Впрочем, этот возможный просвет в деле был как радостной, так и печальной новостью, намекавшей на то, что шансы найти Василису живой — если её пропажа как-то связана с исчезновением эмигрантов — катастрофически снижаются. Димон даже малодушно подумывал о том, чтобы вообще ничего Машке не говорить. Но вспомнил о том, какого труда стоило добиться образовавшегося между ними доверия, о настойчивой просьбе девушки ничего не скрывать, и, прихватив из ресторана у Управления утку по-пекински, пару салатов и жаркий, рассыпчатый вьетнамский рис, запрограммировал Лифт на собственную квартиру.
Маша сидела на диване в гостиной, поджав под себя ноги и полностью углубившись в какую-то книгу. Димон замер на пороге, не в силах оторвать от девушки взгляда, пытаясь понять, что именно в её облике заставило его сердце пропустить парочку ударов. Лицо без косметики, опущенных глаз почти не видно из-за очков, волосы собраны в небрежный узел, из которого уже выбилось несколько прядок, простое домашнее платье, перехваченное тонким пояском — всё-таки сходила к Сержанту.
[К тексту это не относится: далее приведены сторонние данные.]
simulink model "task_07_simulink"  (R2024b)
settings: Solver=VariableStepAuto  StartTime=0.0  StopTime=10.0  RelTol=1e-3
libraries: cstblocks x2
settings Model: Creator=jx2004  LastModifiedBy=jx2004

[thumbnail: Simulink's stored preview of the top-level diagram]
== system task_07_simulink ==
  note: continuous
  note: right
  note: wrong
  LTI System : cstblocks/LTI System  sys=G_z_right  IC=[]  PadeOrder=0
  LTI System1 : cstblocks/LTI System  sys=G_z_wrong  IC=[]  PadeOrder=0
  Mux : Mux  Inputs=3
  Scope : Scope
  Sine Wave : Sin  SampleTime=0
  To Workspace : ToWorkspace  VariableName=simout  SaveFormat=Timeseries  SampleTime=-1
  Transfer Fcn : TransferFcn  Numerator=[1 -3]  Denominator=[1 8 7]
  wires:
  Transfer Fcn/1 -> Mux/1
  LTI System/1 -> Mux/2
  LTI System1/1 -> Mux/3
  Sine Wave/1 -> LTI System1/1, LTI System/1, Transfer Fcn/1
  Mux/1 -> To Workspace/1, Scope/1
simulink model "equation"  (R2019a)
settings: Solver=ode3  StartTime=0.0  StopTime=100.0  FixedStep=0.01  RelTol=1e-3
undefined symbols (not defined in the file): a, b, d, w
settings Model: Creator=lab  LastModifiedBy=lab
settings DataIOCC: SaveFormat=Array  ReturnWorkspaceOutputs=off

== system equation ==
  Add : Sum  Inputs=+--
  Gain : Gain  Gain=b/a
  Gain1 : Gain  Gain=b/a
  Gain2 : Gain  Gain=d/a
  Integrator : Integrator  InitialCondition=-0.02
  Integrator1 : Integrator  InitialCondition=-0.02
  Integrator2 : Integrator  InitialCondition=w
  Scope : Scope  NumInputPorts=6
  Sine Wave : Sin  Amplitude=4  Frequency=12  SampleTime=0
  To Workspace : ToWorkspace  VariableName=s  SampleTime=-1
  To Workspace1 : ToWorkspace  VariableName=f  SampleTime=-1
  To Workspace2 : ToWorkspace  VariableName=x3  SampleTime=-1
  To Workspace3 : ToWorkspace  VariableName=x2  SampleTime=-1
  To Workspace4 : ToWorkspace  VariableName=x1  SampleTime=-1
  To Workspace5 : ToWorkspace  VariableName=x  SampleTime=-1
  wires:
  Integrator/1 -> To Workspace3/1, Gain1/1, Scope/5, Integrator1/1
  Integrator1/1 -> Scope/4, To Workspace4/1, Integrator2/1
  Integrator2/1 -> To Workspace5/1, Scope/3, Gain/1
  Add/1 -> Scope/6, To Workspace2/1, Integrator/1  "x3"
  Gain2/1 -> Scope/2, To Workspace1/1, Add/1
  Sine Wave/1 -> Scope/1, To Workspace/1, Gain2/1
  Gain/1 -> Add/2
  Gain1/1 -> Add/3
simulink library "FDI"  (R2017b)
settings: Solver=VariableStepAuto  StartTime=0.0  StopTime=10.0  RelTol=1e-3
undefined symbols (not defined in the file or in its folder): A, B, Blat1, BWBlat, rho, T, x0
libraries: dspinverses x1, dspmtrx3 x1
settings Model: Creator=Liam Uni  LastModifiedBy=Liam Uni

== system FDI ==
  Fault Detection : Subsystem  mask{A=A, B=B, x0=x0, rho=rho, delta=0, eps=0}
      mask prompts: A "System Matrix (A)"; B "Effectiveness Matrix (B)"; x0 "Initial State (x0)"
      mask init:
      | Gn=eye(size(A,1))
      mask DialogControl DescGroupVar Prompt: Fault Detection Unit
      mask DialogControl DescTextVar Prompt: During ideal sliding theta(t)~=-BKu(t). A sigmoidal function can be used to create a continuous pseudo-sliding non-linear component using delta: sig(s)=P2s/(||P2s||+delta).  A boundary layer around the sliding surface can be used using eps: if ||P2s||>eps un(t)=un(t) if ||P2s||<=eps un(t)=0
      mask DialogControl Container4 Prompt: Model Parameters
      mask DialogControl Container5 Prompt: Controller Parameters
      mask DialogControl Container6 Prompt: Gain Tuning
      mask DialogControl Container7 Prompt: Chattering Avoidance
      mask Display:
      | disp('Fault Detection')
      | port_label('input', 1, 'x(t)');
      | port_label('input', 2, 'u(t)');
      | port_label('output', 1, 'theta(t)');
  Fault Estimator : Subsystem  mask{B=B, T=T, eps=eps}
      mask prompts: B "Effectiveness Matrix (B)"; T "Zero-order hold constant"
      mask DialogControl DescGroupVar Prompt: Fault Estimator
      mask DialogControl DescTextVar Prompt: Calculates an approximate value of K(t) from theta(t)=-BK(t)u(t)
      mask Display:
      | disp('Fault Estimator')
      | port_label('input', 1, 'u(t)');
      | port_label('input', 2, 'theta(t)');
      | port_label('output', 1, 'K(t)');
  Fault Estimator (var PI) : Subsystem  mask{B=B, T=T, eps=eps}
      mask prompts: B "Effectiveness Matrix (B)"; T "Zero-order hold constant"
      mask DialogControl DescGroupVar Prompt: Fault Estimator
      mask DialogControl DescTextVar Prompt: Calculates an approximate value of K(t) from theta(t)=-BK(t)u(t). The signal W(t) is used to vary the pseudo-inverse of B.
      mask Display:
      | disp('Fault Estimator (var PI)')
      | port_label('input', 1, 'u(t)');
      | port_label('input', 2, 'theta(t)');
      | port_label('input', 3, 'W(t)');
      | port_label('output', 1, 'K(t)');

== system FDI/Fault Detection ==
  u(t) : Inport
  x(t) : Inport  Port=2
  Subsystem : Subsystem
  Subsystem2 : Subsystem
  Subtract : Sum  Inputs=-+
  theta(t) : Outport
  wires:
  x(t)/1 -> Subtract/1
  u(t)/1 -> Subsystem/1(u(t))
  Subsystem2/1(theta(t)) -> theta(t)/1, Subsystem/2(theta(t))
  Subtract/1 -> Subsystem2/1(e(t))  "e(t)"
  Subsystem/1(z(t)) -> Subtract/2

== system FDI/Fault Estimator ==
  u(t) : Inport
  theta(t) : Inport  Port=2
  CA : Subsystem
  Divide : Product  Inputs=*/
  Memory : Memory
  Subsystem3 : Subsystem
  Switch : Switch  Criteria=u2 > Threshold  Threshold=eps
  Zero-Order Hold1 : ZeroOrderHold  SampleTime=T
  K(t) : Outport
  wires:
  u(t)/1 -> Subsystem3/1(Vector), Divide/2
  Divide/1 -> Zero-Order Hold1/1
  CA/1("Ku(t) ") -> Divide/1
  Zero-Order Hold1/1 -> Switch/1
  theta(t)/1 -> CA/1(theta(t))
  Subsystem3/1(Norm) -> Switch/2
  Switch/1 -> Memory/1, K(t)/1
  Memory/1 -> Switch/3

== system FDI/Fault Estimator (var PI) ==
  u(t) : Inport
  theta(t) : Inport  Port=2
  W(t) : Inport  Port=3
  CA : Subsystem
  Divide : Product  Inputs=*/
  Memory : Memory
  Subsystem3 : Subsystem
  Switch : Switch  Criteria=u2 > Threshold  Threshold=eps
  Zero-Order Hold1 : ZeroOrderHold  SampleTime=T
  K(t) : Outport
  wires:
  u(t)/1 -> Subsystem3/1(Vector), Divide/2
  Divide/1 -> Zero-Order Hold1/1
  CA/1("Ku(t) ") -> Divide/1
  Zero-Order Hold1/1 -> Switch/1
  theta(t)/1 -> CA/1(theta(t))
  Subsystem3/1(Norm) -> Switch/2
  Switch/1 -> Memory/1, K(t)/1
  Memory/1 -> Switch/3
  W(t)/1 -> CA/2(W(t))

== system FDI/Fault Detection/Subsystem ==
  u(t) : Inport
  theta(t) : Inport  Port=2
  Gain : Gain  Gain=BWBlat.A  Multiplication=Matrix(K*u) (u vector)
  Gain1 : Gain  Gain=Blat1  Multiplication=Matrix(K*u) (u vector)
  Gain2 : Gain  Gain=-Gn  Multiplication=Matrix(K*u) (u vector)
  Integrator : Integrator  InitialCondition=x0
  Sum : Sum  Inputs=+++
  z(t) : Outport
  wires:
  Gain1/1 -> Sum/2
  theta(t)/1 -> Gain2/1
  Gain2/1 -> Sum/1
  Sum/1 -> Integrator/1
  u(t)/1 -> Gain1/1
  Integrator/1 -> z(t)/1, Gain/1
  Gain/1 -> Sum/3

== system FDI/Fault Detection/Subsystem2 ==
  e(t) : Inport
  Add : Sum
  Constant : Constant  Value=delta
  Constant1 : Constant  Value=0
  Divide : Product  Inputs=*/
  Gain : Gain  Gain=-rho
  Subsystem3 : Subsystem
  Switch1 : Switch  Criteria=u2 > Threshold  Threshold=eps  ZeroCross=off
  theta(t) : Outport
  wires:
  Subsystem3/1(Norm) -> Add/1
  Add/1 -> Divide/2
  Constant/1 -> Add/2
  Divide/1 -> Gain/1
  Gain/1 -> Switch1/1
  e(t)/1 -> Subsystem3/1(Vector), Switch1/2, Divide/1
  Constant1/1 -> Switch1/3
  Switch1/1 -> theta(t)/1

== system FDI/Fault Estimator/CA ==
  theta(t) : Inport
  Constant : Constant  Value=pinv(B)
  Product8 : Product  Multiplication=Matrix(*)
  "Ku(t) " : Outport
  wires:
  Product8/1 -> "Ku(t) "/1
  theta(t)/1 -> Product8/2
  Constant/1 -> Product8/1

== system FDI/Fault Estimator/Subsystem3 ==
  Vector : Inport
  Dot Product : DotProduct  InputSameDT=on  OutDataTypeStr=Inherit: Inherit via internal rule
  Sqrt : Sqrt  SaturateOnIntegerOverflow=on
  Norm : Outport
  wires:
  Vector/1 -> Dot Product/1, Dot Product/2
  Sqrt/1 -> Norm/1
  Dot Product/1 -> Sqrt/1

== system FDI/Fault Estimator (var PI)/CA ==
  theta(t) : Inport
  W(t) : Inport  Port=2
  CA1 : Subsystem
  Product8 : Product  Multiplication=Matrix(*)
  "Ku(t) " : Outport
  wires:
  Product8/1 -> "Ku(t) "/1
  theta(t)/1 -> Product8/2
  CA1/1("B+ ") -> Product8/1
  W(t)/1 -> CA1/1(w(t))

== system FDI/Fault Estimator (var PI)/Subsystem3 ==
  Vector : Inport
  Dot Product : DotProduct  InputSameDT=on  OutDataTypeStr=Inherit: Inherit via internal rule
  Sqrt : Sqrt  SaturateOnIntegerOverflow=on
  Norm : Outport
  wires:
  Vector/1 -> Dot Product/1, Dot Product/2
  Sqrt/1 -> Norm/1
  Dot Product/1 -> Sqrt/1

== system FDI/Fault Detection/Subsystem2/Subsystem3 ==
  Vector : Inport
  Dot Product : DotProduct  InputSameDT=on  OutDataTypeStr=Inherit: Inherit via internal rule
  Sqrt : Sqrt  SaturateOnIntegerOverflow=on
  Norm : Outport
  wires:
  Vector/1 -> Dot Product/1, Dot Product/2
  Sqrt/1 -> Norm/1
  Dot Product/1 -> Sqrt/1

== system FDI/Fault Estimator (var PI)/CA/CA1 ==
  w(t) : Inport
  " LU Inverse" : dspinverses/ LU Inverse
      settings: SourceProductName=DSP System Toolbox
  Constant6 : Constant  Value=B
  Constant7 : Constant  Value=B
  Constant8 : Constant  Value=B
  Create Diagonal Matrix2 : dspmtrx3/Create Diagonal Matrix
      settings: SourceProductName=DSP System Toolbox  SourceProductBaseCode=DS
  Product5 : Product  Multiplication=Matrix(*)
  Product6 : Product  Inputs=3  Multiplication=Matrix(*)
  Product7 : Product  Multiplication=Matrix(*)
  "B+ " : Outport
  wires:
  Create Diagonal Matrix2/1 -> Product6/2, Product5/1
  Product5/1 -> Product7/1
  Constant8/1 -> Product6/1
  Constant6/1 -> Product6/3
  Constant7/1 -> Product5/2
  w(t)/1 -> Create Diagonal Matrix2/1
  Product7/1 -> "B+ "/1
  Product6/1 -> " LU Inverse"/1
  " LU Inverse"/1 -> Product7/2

Сходила и вернулась. Сама! — никакой нарочитой парадности, ни намёка на какой-либо эротизм, ни следа той соблазнительницы, которая разговаривала с ним по телефону.
Сейчас Маша выглядела такой уютной и домашней, что просто руки чесались от желания схватить её в охапку и… потискать. Не в первый раз, между прочим, а ведь раньше Димон за собой таких странных желаний не замечал…
Осторожно опустил коробки с едой на пол и неслышно проскользнул в комнату, чтобы спустя мгновение опуститься на корточки перед Машиным диванчиком.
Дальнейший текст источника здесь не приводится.